## WHAT TO DO
All records are to be transcribed in full; any pictures among them are to be skipped.

## MATERIAL SHOWN

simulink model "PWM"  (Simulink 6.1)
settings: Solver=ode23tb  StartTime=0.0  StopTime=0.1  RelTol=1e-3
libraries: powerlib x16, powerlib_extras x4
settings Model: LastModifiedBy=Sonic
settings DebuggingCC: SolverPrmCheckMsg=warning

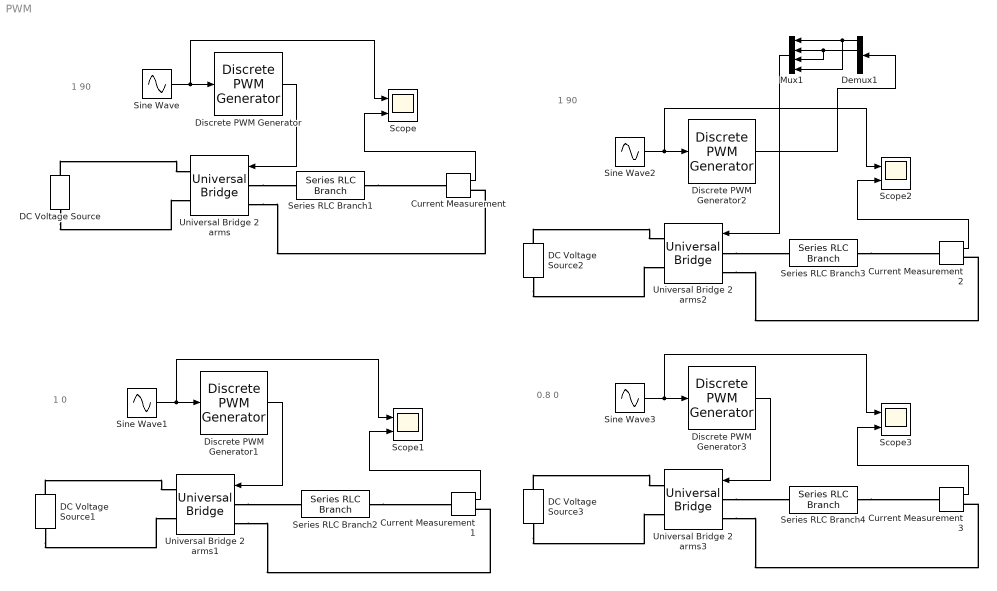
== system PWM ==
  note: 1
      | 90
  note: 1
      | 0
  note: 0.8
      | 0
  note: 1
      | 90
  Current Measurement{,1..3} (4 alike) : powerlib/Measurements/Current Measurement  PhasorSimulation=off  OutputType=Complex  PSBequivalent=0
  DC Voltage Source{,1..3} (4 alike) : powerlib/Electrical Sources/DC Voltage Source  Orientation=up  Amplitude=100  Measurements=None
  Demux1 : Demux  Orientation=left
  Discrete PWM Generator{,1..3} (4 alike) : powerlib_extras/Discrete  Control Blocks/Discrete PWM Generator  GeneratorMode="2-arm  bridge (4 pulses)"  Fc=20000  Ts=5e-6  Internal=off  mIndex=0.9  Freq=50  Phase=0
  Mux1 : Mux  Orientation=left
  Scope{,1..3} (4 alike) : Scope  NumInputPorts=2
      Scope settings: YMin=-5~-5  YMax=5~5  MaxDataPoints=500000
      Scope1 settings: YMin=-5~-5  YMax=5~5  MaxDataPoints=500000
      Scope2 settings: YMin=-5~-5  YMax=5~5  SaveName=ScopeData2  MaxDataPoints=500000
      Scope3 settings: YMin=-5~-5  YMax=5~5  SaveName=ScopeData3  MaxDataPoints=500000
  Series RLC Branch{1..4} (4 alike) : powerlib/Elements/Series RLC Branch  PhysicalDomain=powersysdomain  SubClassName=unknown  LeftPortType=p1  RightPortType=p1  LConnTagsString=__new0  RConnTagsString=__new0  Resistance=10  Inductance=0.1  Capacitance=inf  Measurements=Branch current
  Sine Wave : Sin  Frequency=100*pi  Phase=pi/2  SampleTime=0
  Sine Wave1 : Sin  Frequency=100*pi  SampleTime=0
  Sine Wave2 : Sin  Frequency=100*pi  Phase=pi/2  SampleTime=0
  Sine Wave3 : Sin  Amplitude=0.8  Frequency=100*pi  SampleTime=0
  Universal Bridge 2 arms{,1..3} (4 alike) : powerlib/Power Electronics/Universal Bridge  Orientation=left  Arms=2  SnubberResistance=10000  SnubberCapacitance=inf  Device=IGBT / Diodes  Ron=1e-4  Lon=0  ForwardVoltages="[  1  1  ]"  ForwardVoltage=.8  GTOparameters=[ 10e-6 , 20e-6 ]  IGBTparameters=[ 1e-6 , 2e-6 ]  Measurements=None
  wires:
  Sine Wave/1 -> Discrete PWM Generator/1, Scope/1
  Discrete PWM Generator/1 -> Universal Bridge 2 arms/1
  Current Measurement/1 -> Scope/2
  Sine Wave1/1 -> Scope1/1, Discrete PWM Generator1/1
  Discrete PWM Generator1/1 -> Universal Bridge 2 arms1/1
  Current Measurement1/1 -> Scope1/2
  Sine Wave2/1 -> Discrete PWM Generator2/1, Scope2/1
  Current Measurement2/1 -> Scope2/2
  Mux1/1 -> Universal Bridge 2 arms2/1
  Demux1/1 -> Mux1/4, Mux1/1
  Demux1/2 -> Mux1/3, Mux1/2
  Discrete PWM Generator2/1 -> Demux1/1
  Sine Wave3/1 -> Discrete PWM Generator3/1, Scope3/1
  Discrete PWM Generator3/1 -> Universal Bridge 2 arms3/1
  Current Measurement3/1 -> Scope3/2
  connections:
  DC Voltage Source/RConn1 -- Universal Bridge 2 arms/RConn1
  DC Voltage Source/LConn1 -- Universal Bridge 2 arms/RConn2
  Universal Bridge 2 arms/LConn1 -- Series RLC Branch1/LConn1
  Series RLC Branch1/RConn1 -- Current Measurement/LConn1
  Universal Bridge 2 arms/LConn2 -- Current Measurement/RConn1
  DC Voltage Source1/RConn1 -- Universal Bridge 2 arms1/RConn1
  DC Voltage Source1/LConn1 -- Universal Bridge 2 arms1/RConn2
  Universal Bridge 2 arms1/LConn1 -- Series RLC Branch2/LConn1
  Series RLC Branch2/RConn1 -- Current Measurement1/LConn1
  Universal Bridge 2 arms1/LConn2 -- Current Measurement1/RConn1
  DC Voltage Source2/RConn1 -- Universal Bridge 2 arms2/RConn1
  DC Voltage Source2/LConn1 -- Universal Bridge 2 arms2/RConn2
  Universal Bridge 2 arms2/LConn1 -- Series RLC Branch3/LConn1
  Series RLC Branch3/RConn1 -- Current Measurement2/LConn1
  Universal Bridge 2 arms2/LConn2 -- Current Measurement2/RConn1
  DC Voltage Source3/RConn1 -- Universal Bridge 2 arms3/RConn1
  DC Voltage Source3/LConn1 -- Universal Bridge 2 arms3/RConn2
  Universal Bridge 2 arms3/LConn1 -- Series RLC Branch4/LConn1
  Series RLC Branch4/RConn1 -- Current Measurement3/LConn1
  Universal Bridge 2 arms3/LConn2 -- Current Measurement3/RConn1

## EXERCISE SOLUTION
simulink model "PWM"  (Simulink 6.1)
settings: Solver=ode23tb  StartTime=0.0  StopTime=0.1  RelTol=1e-3
libraries: powerlib x16, powerlib_extras x4
settings Model: LastModifiedBy=Sonic
settings DebuggingCC: SolverPrmCheckMsg=warning

== system PWM ==
  note: 1
      | 90
  note: 1
      | 0
  note: 0.8
      | 0
  note: 1
      | 90
  Current Measurement{,1..3} (4 alike) : powerlib/Measurements/Current Measurement  PhasorSimulation=off  OutputType=Complex  PSBequivalent=0
  DC Voltage Source{,1..3} (4 alike) : powerlib/Electrical Sources/DC Voltage Source  Orientation=up  Amplitude=100  Measurements=None
  Demux1 : Demux  Orientation=left
  Discrete PWM Generator{,1..3} (4 alike) : powerlib_extras/Discrete  Control Blocks/Discrete PWM Generator  GeneratorMode="2-arm  bridge (4 pulses)"  Fc=20000  Ts=5e-6  Internal=off  mIndex=0.9  Freq=50  Phase=0
  Mux1 : Mux  Orientation=left
  Scope{,1..3} (4 alike) : Scope  NumInputPorts=2
      Scope settings: YMin=-5~-5  YMax=5~5  MaxDataPoints=500000
      Scope1 settings: YMin=-5~-5  YMax=5~5  MaxDataPoints=500000
      Scope2 settings: YMin=-5~-5  YMax=5~5  SaveName=ScopeData2  MaxDataPoints=500000
      Scope3 settings: YMin=-5~-5  YMax=5~5  SaveName=ScopeData3  MaxDataPoints=500000
  Series RLC Branch{1..4} (4 alike) : powerlib/Elements/Series RLC Branch  PhysicalDomain=powersysdomain  SubClassName=unknown  LeftPortType=p1  RightPortType=p1  LConnTagsString=__new0  RConnTagsString=__new0  Resistance=10  Inductance=0.1  Capacitance=inf  Measurements=Branch current
  Sine Wave : Sin  Frequency=100*pi  Phase=pi/2  SampleTime=0
  Sine Wave1 : Sin  Frequency=100*pi  SampleTime=0
  Sine Wave2 : Sin  Frequency=100*pi  Phase=pi/2  SampleTime=0
  Sine Wave3 : Sin  Amplitude=0.8  Frequency=100*pi  SampleTime=0
  Universal Bridge 2 arms{,1..3} (4 alike) : powerlib/Power Electronics/Universal Bridge  Orientation=left  Arms=2  SnubberResistance=10000  SnubberCapacitance=inf  Device=IGBT / Diodes  Ron=1e-4  Lon=0  ForwardVoltages="[  1  1  ]"  ForwardVoltage=.8  GTOparameters=[ 10e-6 , 20e-6 ]  IGBTparameters=[ 1e-6 , 2e-6 ]  Measurements=None
  wires:
  Sine Wave/1 -> Discrete PWM Generator/1, Scope/1
  Discrete PWM Generator/1 -> Universal Bridge 2 arms/1
  Current Measurement/1 -> Scope/2
  Sine Wave1/1 -> Scope1/1, Discrete PWM Generator1/1
  Discrete PWM Generator1/1 -> Universal Bridge 2 arms1/1
  Current Measurement1/1 -> Scope1/2
  Sine Wave2/1 -> Discrete PWM Generator2/1, Scope2/1
  Current Measurement2/1 -> Scope2/2
  Mux1/1 -> Universal Bridge 2 arms2/1
  Demux1/1 -> Mux1/4, Mux1/1
  Demux1/2 -> Mux1/3, Mux1/2
  Discrete PWM Generator2/1 -> Demux1/1
  Sine Wave3/1 -> Discrete PWM Generator3/1, Scope3/1
  Discrete PWM Generator3/1 -> Universal Bridge 2 arms3/1
  Current Measurement3/1 -> Scope3/2
  connections:
  DC Voltage Source/RConn1 -- Universal Bridge 2 arms/RConn1
  DC Voltage Source/LConn1 -- Universal Bridge 2 arms/RConn2
  Universal Bridge 2 arms/LConn1 -- Series RLC Branch1/LConn1
  Series RLC Branch1/RConn1 -- Current Measurement/LConn1
  Universal Bridge 2 arms/LConn2 -- Current Measurement/RConn1
  DC Voltage Source1/RConn1 -- Universal Bridge 2 arms1/RConn1
  DC Voltage Source1/LConn1 -- Universal Bridge 2 arms1/RConn2
  Universal Bridge 2 arms1/LConn1 -- Series RLC Branch2/LConn1
  Series RLC Branch2/RConn1 -- Current Measurement1/LConn1
  Universal Bridge 2 arms1/LConn2 -- Current Measurement1/RConn1
  DC Voltage Source2/RConn1 -- Universal Bridge 2 arms2/RConn1
  DC Voltage Source2/LConn1 -- Universal Bridge 2 arms2/RConn2
  Universal Bridge 2 arms2/LConn1 -- Series RLC Branch3/LConn1
  Series RLC Branch3/RConn1 -- Current Measurement2/LConn1
  Universal Bridge 2 arms2/LConn2 -- Current Measurement2/RConn1
  DC Voltage Source3/RConn1 -- Universal Bridge 2 arms3/RConn1
  DC Voltage Source3/LConn1 -- Universal Bridge 2 arms3/RConn2
  Universal Bridge 2 arms3/LConn1 -- Series RLC Branch4/LConn1
  Series RLC Branch4/RConn1 -- Current Measurement3/LConn1
  Universal Bridge 2 arms3/LConn2 -- Current Measurement3/RConn1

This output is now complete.